__Requirement__. Your answer must be the lines from the first one in the material through the line with "#28=CIRCLE('',#27,1.5);", retyped exactly and with no pictures.

__Excerpted records__.
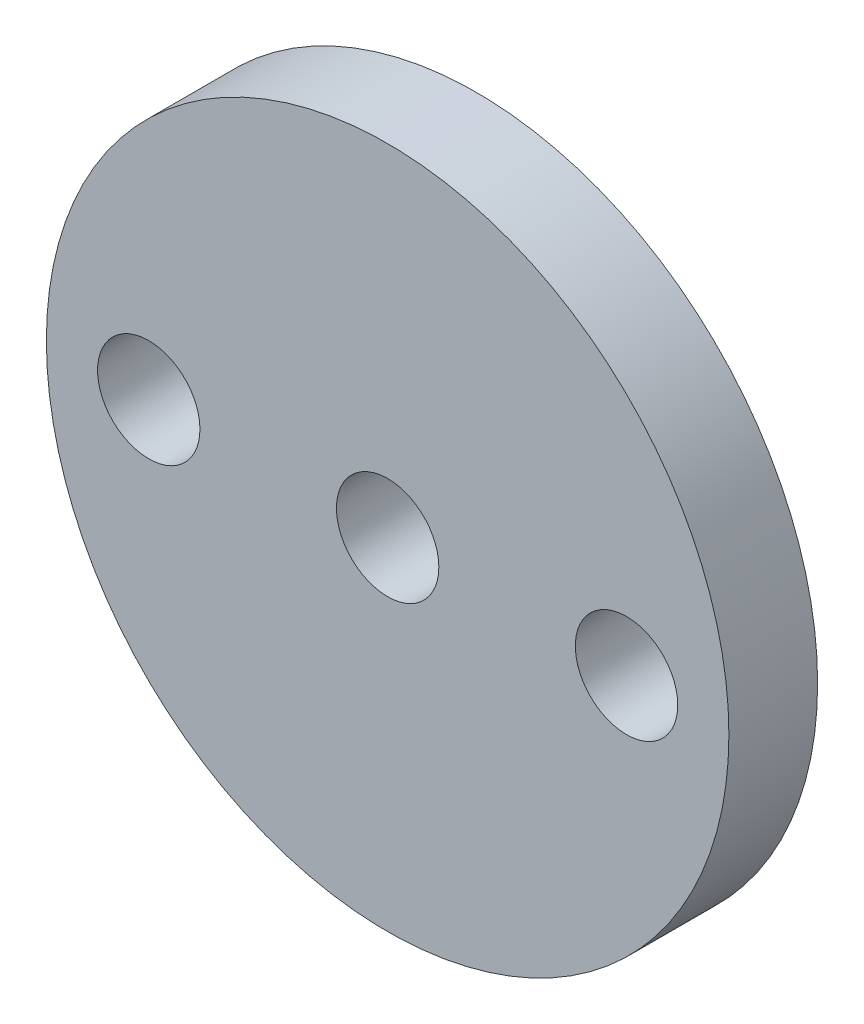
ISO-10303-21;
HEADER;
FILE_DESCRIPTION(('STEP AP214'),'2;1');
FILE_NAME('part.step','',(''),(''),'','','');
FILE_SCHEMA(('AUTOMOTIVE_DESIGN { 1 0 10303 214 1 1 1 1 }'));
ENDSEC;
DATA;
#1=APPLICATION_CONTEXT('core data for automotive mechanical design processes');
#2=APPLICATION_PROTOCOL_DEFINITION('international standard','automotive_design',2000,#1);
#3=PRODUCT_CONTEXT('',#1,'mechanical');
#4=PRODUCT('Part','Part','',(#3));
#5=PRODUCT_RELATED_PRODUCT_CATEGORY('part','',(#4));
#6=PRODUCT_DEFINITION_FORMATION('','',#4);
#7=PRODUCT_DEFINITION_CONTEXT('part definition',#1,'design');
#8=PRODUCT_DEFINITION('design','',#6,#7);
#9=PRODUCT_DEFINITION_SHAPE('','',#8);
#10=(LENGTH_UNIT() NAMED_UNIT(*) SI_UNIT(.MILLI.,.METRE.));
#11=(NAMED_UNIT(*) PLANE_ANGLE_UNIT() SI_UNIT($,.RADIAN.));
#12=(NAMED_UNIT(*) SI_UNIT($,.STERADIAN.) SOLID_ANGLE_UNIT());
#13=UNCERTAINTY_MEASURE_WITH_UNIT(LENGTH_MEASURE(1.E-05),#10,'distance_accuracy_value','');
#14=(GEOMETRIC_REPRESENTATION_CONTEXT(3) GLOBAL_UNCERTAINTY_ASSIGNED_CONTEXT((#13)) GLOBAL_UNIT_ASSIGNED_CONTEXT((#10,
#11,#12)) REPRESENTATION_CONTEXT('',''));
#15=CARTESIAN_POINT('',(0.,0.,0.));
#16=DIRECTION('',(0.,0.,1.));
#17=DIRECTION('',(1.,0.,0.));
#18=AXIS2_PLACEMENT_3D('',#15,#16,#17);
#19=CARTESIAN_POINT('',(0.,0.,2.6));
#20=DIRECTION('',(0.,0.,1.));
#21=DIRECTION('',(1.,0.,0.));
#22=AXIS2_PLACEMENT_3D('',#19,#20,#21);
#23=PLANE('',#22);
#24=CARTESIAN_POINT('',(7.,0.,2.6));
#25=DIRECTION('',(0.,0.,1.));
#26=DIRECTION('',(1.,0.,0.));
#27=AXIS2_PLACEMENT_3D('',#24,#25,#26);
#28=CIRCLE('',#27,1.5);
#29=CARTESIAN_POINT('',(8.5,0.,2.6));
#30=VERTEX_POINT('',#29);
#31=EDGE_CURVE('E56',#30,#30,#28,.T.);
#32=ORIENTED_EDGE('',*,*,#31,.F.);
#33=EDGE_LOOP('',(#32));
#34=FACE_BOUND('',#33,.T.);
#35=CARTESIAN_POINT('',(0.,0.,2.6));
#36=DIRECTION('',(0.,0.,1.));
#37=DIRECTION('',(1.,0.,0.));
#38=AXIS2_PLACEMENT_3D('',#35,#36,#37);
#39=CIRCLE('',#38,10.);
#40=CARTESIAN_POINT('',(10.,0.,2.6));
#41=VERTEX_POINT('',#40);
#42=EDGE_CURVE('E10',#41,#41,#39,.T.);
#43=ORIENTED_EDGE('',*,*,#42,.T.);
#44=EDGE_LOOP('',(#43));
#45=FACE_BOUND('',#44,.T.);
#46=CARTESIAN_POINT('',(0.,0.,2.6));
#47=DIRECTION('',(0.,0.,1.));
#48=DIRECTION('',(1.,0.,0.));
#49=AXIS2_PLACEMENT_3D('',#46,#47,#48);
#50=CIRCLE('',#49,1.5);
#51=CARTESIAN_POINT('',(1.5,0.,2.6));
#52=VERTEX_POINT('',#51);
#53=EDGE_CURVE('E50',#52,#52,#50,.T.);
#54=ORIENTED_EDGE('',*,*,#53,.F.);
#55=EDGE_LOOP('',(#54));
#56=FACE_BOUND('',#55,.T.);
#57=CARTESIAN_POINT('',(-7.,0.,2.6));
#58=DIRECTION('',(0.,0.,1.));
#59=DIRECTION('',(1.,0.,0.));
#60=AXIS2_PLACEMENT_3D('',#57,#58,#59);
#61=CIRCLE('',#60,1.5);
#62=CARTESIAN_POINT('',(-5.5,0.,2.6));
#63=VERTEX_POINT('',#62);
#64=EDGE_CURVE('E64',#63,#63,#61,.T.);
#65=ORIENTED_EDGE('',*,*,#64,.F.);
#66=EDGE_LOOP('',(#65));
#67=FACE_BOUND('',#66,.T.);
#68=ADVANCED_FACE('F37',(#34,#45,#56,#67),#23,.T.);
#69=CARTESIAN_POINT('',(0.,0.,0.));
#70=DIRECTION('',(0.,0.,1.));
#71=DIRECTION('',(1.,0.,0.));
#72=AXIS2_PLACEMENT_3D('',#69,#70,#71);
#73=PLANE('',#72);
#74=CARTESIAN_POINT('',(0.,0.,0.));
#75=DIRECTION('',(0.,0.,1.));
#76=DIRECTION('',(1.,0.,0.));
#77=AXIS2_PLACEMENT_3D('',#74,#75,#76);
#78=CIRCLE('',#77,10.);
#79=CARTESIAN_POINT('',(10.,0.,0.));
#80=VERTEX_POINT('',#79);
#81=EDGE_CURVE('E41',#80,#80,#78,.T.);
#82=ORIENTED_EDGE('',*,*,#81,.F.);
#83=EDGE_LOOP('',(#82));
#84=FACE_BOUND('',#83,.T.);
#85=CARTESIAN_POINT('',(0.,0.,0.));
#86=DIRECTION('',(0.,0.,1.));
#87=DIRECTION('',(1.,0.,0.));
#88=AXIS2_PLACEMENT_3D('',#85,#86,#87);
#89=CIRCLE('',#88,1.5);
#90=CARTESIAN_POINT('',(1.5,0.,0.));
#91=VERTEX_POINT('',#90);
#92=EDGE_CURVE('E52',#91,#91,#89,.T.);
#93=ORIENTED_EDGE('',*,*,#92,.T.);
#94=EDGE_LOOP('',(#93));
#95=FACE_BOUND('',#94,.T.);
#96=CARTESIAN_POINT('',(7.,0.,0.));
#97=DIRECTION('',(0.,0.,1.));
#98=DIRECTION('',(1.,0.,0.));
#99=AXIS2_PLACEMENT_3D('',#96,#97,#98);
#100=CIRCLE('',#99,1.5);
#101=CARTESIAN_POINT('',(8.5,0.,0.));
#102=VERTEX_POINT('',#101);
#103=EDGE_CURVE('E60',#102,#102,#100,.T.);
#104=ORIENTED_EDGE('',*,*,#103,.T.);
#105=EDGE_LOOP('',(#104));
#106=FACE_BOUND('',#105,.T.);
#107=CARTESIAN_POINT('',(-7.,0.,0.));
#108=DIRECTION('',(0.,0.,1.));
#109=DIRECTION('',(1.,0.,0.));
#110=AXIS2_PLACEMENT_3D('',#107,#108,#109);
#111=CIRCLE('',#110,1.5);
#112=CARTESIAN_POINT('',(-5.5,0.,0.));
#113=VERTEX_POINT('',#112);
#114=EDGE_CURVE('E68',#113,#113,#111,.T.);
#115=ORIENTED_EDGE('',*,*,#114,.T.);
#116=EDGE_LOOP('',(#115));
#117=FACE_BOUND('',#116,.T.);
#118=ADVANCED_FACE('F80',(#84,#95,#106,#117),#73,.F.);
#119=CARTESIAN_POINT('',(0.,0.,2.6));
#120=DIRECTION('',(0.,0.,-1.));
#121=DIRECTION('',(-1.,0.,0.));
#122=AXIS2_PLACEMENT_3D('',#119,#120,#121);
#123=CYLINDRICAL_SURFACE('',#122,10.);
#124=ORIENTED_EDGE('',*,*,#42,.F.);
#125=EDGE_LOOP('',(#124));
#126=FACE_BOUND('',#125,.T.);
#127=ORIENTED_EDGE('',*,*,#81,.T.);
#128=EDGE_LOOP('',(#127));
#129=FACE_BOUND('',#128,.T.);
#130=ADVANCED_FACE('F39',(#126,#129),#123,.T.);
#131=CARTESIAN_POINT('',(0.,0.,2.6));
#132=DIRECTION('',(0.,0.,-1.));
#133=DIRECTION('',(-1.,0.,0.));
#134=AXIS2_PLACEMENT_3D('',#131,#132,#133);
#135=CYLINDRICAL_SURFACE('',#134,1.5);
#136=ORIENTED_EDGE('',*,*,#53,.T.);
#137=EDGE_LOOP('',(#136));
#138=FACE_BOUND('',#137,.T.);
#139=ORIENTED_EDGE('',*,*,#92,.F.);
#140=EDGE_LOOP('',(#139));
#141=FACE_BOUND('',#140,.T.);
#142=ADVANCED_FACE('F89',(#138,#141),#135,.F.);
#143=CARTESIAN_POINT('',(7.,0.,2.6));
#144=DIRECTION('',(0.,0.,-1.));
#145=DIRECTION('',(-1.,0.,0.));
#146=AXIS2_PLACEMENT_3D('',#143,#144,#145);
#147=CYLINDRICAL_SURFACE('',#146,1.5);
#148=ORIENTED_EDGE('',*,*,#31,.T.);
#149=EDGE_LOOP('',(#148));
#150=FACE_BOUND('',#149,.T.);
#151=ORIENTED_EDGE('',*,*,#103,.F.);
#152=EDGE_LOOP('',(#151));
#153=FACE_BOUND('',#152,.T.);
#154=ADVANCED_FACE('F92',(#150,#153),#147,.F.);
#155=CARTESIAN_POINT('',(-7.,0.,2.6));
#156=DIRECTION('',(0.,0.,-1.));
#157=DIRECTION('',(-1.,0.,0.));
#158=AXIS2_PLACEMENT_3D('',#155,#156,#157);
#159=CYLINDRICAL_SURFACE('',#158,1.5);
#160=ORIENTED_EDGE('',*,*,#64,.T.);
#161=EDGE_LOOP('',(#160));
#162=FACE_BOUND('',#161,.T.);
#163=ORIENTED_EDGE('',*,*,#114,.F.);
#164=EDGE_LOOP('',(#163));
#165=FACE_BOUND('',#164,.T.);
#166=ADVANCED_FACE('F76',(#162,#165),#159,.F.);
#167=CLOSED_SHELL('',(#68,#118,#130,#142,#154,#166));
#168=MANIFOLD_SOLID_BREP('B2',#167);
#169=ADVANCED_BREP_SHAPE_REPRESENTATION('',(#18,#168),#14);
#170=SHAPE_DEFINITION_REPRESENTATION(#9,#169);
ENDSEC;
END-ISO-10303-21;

__Result of the exercise__.
ISO-10303-21;
HEADER;
FILE_DESCRIPTION(('STEP AP214'),'2;1');
FILE_NAME('part.step','',(''),(''),'','','');
FILE_SCHEMA(('AUTOMOTIVE_DESIGN { 1 0 10303 214 1 1 1 1 }'));
ENDSEC;
DATA;
#1=APPLICATION_CONTEXT('core data for automotive mechanical design processes');
#2=APPLICATION_PROTOCOL_DEFINITION('international standard','automotive_design',2000,#1);
#3=PRODUCT_CONTEXT('',#1,'mechanical');
#4=PRODUCT('Part','Part','',(#3));
#5=PRODUCT_RELATED_PRODUCT_CATEGORY('part','',(#4));
#6=PRODUCT_DEFINITION_FORMATION('','',#4);
#7=PRODUCT_DEFINITION_CONTEXT('part definition',#1,'design');
#8=PRODUCT_DEFINITION('design','',#6,#7);
#9=PRODUCT_DEFINITION_SHAPE('','',#8);
#10=(LENGTH_UNIT() NAMED_UNIT(*) SI_UNIT(.MILLI.,.METRE.));
#11=(NAMED_UNIT(*) PLANE_ANGLE_UNIT() SI_UNIT($,.RADIAN.));
#12=(NAMED_UNIT(*) SI_UNIT($,.STERADIAN.) SOLID_ANGLE_UNIT());
#13=UNCERTAINTY_MEASURE_WITH_UNIT(LENGTH_MEASURE(1.E-05),#10,'distance_accuracy_value','');
#14=(GEOMETRIC_REPRESENTATION_CONTEXT(3) GLOBAL_UNCERTAINTY_ASSIGNED_CONTEXT((#13)) GLOBAL_UNIT_ASSIGNED_CONTEXT((#10,
#11,#12)) REPRESENTATION_CONTEXT('',''));
#15=CARTESIAN_POINT('',(0.,0.,0.));
#16=DIRECTION('',(0.,0.,1.));
#17=DIRECTION('',(1.,0.,0.));
#18=AXIS2_PLACEMENT_3D('',#15,#16,#17);
#19=CARTESIAN_POINT('',(0.,0.,2.6));
#20=DIRECTION('',(0.,0.,1.));
#21=DIRECTION('',(1.,0.,0.));
#22=AXIS2_PLACEMENT_3D('',#19,#20,#21);
#23=PLANE('',#22);
#24=CARTESIAN_POINT('',(7.,0.,2.6));
#25=DIRECTION('',(0.,0.,1.));
#26=DIRECTION('',(1.,0.,0.));
#27=AXIS2_PLACEMENT_3D('',#24,#25,#26);
#28=CIRCLE('',#27,1.5);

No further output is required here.